Why do we venerate the saints? Why do we ask for their intercession? In the month of December, I was in Catania to see one of our priests who for some months now has taught at an Institute dedicated to Francesco Ventorino, a priest who was a disciple of Fr. Giussani, an educator of rare wisdom and personality, who had a profound influence in the lives of many people who encountered him. I found myself there around the time of the Memorial of St. Lucy, whose remains returned to Sicily to be venerated, first in Siracusa and then in the other cities of the Eastern coast of the island. This coincidence brought me to research a little bit about the life of this girl who was around twenty years old, killed under the Emperor Diocletian during the last great persecution before the Edict of Milan in 313.
I was struck by the connection of her story to that of another great Sicilian saint, Agatha, who had suffered martyrdom fifty years before her: Lucy, in fact, had gone to Catania to ask her to intercede for the healing of her mother, who suffered from hemorrhages like the woman healed by Jesus in the Gospel of Mark.

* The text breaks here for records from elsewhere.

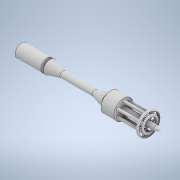
# Autodesk Inventor part: Weapon-Electric-Barrel
Saved by Autodesk Inventor 2020 (Build 240168000, 168)
## iProperties
Created: 2019-11-13
Part Number: Weapon-Electric-Barrel
Material: Generic
Document SubType Name: Modeling
Designer: vifly_01
Density: 1 g/cm^3
Appearance: Default
Author: vifly_01
Autodesk Inventor part; units mm, degrees
ref_plane "YZ Plane" through (0, 0, 0) normal (1, 0, 0) x (0, 1, 0)
ref_plane "XZ Plane" through (0, 0, 0) normal (0, 1, 0) x (-1, 0, 0)
ref_plane "XY Plane" through (0, 0, 0) normal (0, 0, 1) x (1, 0, 0)
sketch "Sketch1" plane through (0, 0, 0) normal (0, 0, 1) x (1, 0, 0)
  circle A0 centre (0, 0) radius 2.5
  dimension "d0" = 5
  constraints: 1 centre point, 1 coincident
  measures "d0" diameter of A0
extrude "Extrusion1" add sketch "Sketch1" along normal blind 10
sketch "Sketch2" plane through (0, 0, 10) normal (0, 0, 1) x (1, 0, 0)
  circle A0 centre (0, 0) radius 1
  dimension "d3" = 2
  constraints: 1 centre point, 1 coincident
  measures "d3" diameter of A0
extrude "Extrusion2" add sketch "Sketch2" along normal blind 1
sketch "Sketch3" plane through (0, 0, 0) normal (0, 0, -1) x (-1, 0, 0)
  circle A0 centre (0, 0) radius 1
  constraints: 1 centre point, 1 coincident
extrude "Extrusion3" add sketch "Sketch3" along normal blind 1
sketch "Sketch4" plane through (0, 0, -1) normal (0, 0, -1) x (-1, 0, 0)
  circle A0 centre (0, 0) radius 2.5
  constraints: 1 centre point, 1 coincident
extrude "Extrusion4" add sketch "Sketch4" along normal blind 5 draft -15
sketch "Sketch5" plane through (0, 0, -6) normal (0, 0, -1) x (-1, 0, 0)
  circle A0 centre (0, 0) radius 1.1603
  constraints: 1 centre point, 1 coincident
extrude "Extrusion5" add sketch "Sketch5" along normal blind 12.5
sketch "Sketch6" plane through (0, 0, -18.5) normal (0, 0, -1) x (-1, 0, 0)
  circle A0 centre (0, 0) radius 1.1603 projected
  circle A1 centre (0, 0) radius 1.1603
  constraints: 1 centre point, 1 coincident
extrude "Extrusion6" add sketch "Sketch6" along normal blind 5 draft 15
sketch "Sketch7" plane through (0, 0, -23.5) normal (0, 0, -1) x (-1, 0, 0)
  circle A0 centre (0, 0) radius 1 projected
  circle A1 centre (0, 0) radius 1
  constraints: 1 centre point, 1 coincident
extrude "Extrusion7" add sketch "Sketch7" along normal blind 1
sketch "Sketch8" plane through (0, 0, -24.5) normal (0, 0, -1) x (-1, 0, 0)
  circle A0 centre (0, 0) radius 3.75
  dimension "d16" = 7.5
  constraints: 1 centre point, 1 coincident
  measures "d16" diameter of A0
extrude "Extrusion8" add sketch "Sketch8" along normal blind 5
sketch "Sketch9" plane through (0, 0, -29.5) normal (0, 0, -1) x (-1, 0, 0)
  circle A0 centre (0, 2.75) radius 0.5
  circle A1 centre (-2.3816, 1.375) radius 0.5
  circle A2 centre (-2.3816, -1.375) radius 0.5
  circle A3 centre (0, -2.75) radius 0.5
  circle A4 centre (2.3816, -1.375) radius 0.5
  circle A5 centre (2.3816, 1.375) radius 0.5
  point P0 (0, 0)
  dimension "d19" = 1
  dimension "d22" = 360
  constraints: 6 centre point, 13 other
  measures "d19" diameter of A0
extrude "Extrusion9" add sketch "Sketch9" along normal blind 10
sketch "Sketch10" plane through (0, 0, -29.5) normal (0, 0, -1) x (-1, 0, 0)
  circle A0 centre (0, 0) radius 1
  constraints: 1 centre point, 1 coincident
extrude "Extrusion10" add sketch "Sketch10" along normal blind 12.5
sketch "Sketch11" plane through (0, 0, -42) normal (0, 0, -1) x (-1, 0, 0)
  circle A0 centre (0, 0) radius 1
  constraints: 1 centre point, 1 coincident
extrude "Extrusion11" add sketch "Sketch11" along normal blind 2 draft -26
sketch "Sketch13" plane through (0, 0, 0) normal (1, 0, 0) x (0, 1, 0)
  arc A0 (4, -39.5001) -> (4, -38.4999) centre (4, -39) ccw
  line L0 (4, -38.4999) -> (4, -39.5001)
  line L1 (0, -55) -> (0, 22) projected
  point P0 (0, 0)
  constraints: 2 end point, 2 point on circle, 1 centre point, 1 vertical
revolve "Revolution2" add sketch "Sketch13" angle 360 about axis through (0, 0, -10) along (0, 0, 1)
ref_plane "Work Plane1" through (0, 0, -27) normal (0, 0, -1) x (-1, 0, 0)
sketch "Sketch15" plane through (0, 0, 0) normal (0, 1, 0) x (-1, 0, 0)
  line L0 (-4, -38.75) -> (-1, -38.75)
  line L1 (-4, -39.25) -> (-1, -39.25)
  line L2 (-1, -29.5) -> (-1, -42) projected
  line L3 (-1, -38.75) -> (-0.75, -38.75)
  line L4 (-1, -39.25) -> (-0.75, -39.25)
  line L5 (-0.75, -39.25) -> (-0.75, -38.75)
  line L6 (-4, -39.25) -> (-4.1, -39.25)
  line L7 (-4.1, -39.25) -> (-4.1, -38.75)
  line L8 (-4.1, -38.75) -> (-4, -38.75)
  point P0 (0, 0)
  dimension "d35" = 0.5
  dimension "d37" = 0.25
  dimension "d38" = 0.1
  constraints: 16 end point, 2 horizontal, 2 perpendicular, 2 point on line, 1 collinear
  measures "d35" distance between parallel lines of L1 L0
  measures "d37" distance of L0.end L3.end
  measures "d38" distance of L1.start L6.end
extrude "Extrusion12" add sketch "Sketch15" along normal mid plane 0.25
pattern_circular "Circular Pattern1" count 6 over 360 about axis through (0, 0, -29.5) along (0, 0, -1) of "Extrusion12"
sketch "Sketch17" plane through (0, 0, 0) normal (1, 0, 0) x (0, 1, 0)
  line L0 (2.25, -39.5) -> (3.25, -39.5) projected
  arc A0 (2.25, -39.5) -> (3.25, -39.5) centre (2.75, -39.5) ccw
  line L1 (3.25, -39.5) -> (2.25, -39.5)
  line L2 (0, -55) -> (0, 22) projected
  point P0 (0, 0)
  constraints: 2 end point, 2 point on circle, 1 centre point, 1 collinear, 1 midpoint
revolve "Revolution3" add sketch "Sketch17" angle 360 about axis through (0, 0, -10) along (0, 0, 1)
body "Solid1"
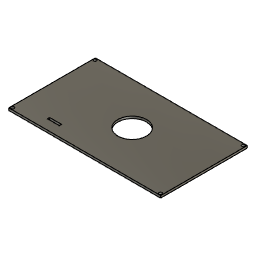
Solar Tracker Box Lid (Autodesk Fusion 360 design; units mm, degrees)
Autodesk Fusion 360 part; units mm, degrees
box "BoxPrimitive1" add length 114.7318 width 198.2216 height 2.921 placed x (0, -1, 0) y (1, 0, 0) z (0, 0, 1) at (0, 0, 0)
hole "Hole1" at (2.363, -112.1124, 2.921) direction (0, 0, -1) diameter 4 depth 50.8 tip angle 180
delete_face "DeleteFace1" 1 faces at (0.3636, -112.0625, 1.9473)
hole "Hole2" at (2.4516, -112.0641, 2.921) direction (0, 0, -1) diameter 3.9878 depth 50.8 tip angle 180
hole "Hole3" at (2.4945, -2.7892, 2.921) direction (0, 0, -1) diameter 3.9878 depth 50.8 tip angle 180
hole "Hole4" at (195.453, -111.8961, 2.921) direction (0, 0, -1) diameter 3.9878 depth 50.8 tip angle 180
hole "Hole5" at (195.4876, -2.7037, 2.921) direction (0, 0, -1) diameter 3.9878 depth 50.8 tip angle 180
hole "Hole6" at (121.7426, -60.6912, 2.921) direction (0, 0, -1) diameter 41.91 depth 50.8 tip angle 180
sketch "Sketch2" plane through (0, 0, 2.921) normal (0, 0, 1) x (-1, 0, 0)
  circle A0 centre (-121.7426, 60.6912) radius 20.955
  circle A1 centre (-195.4876, 2.7037) radius 1.9939
  circle A2 centre (-195.453, 111.8961) radius 1.9939
  circle A3 centre (-2.4945, 2.7892) radius 1.9939
  circle A4 centre (-2.4516, 112.0641) radius 1.9939
  line L0 (0, 114.7318) -> (-198.2216, 114.7318)
  line L1 (-198.2216, 114.7318) -> (-198.2216, 0)
  line L2 (-198.2216, 0) -> (0, 0)
  line L3 (0, 0) -> (0, 114.7318)
  line L4 (-38.1023, 101.602) -> (-53.9773, 101.602)
  line L5 (-53.9773, 101.602) -> (-53.9773, 98.7371)
  line L6 (-53.9773, 98.7371) -> (-38.1023, 98.7371)
  line L7 (-38.1023, 98.7371) -> (-38.1023, 101.602)
  dimension "d24" = 15.875
  constraint horizontal L4
  constraint vertical L5
  constraint horizontal L6
  constraint vertical L7
  measures "d24" distance of L4.start L4.end
extrude "Extrude1" cut sketch "Sketch2" against normal blind 34.1122 contours L4 L5 L6 L7
extrude "Extrude2" add 1 faces at (198.2216, -38.2439, 0.9737) along direction (1, 0, 0) blind 3
delete_face "DeleteFace2" 1 faces at (196.5273, -1.0023, 1.9473)
delete_face "DeleteFace3" 1 faces at (196.4927, -110.1948, 1.9473)
hole "Hole7" at (198.8061, -2.6168, 2.921) direction (0, 0, -1) diameter 4 depth 27.94 tip angle 180
hole "Hole8" at (198.6532, -112.2428, 2.921) direction (0, 0, -1) diameter 3.9878 depth 27.94 tip angle 180
hole "Hole9" at (104.6012, -55.8345, 2.921) direction (0, 0, -1) diameter 38.1 depth 27.94 tip angle 180
delete_face "DeleteFace4" 1 faces at (117.9617, -40.0801, 1.9473)
delete_face "DeleteFace5" 1 faces at (198.9058, -4.6143, 1.9473)
hole "Hole10" at (198.6413, -2.5901, 2.921) direction (0, 0, -1) diameter 4 depth 15.24 tip angle 180

Sanctity emanates a contagious power to fascinate because it reveals what we too would like to be
Lucy’s prayer was answered; not only, but she receives the gift of hearing the voice of Agatha who calls her “sister” and invites her to follow through on her intention to consecrate herself to God in her virginity. After returning home, Lucy publicly refused to marry the man who had been imposed on her as husband, a pagan, even though she knew that this choice would have caused her to suffer the same fate as her venerated “sister.”
I found their story illuminating. Above all, it was interesting that already present in the life of the Church of the first centuries was the practice of venerating the saints (and the martyrs in a particular way) and to ask for their intercession, their intervention. What’s more, I was moved by the thought that such a profound link can be forged with them, to the point of arriving at considering each other as brothers and sisters, as Agatha called the young Lucy.
The tradition of the Church has called this link “the communion of saints.” And one of the expressions of this communion is precisely the desire that arises in us to resemble those to whom we entrust ourselves. In the interview given with the curators of the exhibit presented at the Meeting of Rimini on Blessed Franz Jägerstätter and his wife Franziska, their biographer, Erna Putz, declared: “While reading the letters that they exchanged, I thought: ‘I want to be a saint too!’”.
A friendship made human, carnal: this is how the communion of saints begins.
Sanctity emanates a contagious power to fascinate because it reveals what we too would like to be and creates an extremely strong bond with the figures who have lived this experience. Just like what happened to Lucy with Agatha and to Erna Putz with the Austrian husband and wife.
But there’s more. The communion of which we are speaking has an even deeper meaning. The great Alphonsus Maria de’ Liguori, asking himself the question if he should or should not turn to the saints in prayer, wrote that it is God who asks it of us, because He wants us to remain faithful to the method that He Himself has used to let Himself be known and to speak with us. Which method is he speaking of? God made Himself known to man through man. First choosing a few (from Abraham to Moses, from David to the prophets) to be a sign and a word for all. Then sending His own Son, made flesh, so that we might know God through His humanity.
We can call this method “encounter” or else, with a word that is even more human, “friendship.” It is the method used by God with man: to create circumstances, places, facts through which one can have an experience of his friendship within a human and carnal friendship. It is here that begins the communion of saints, in bumping into these places, these facts, these faces and in remaining faithful to them. And this is also the only method of mission that we know.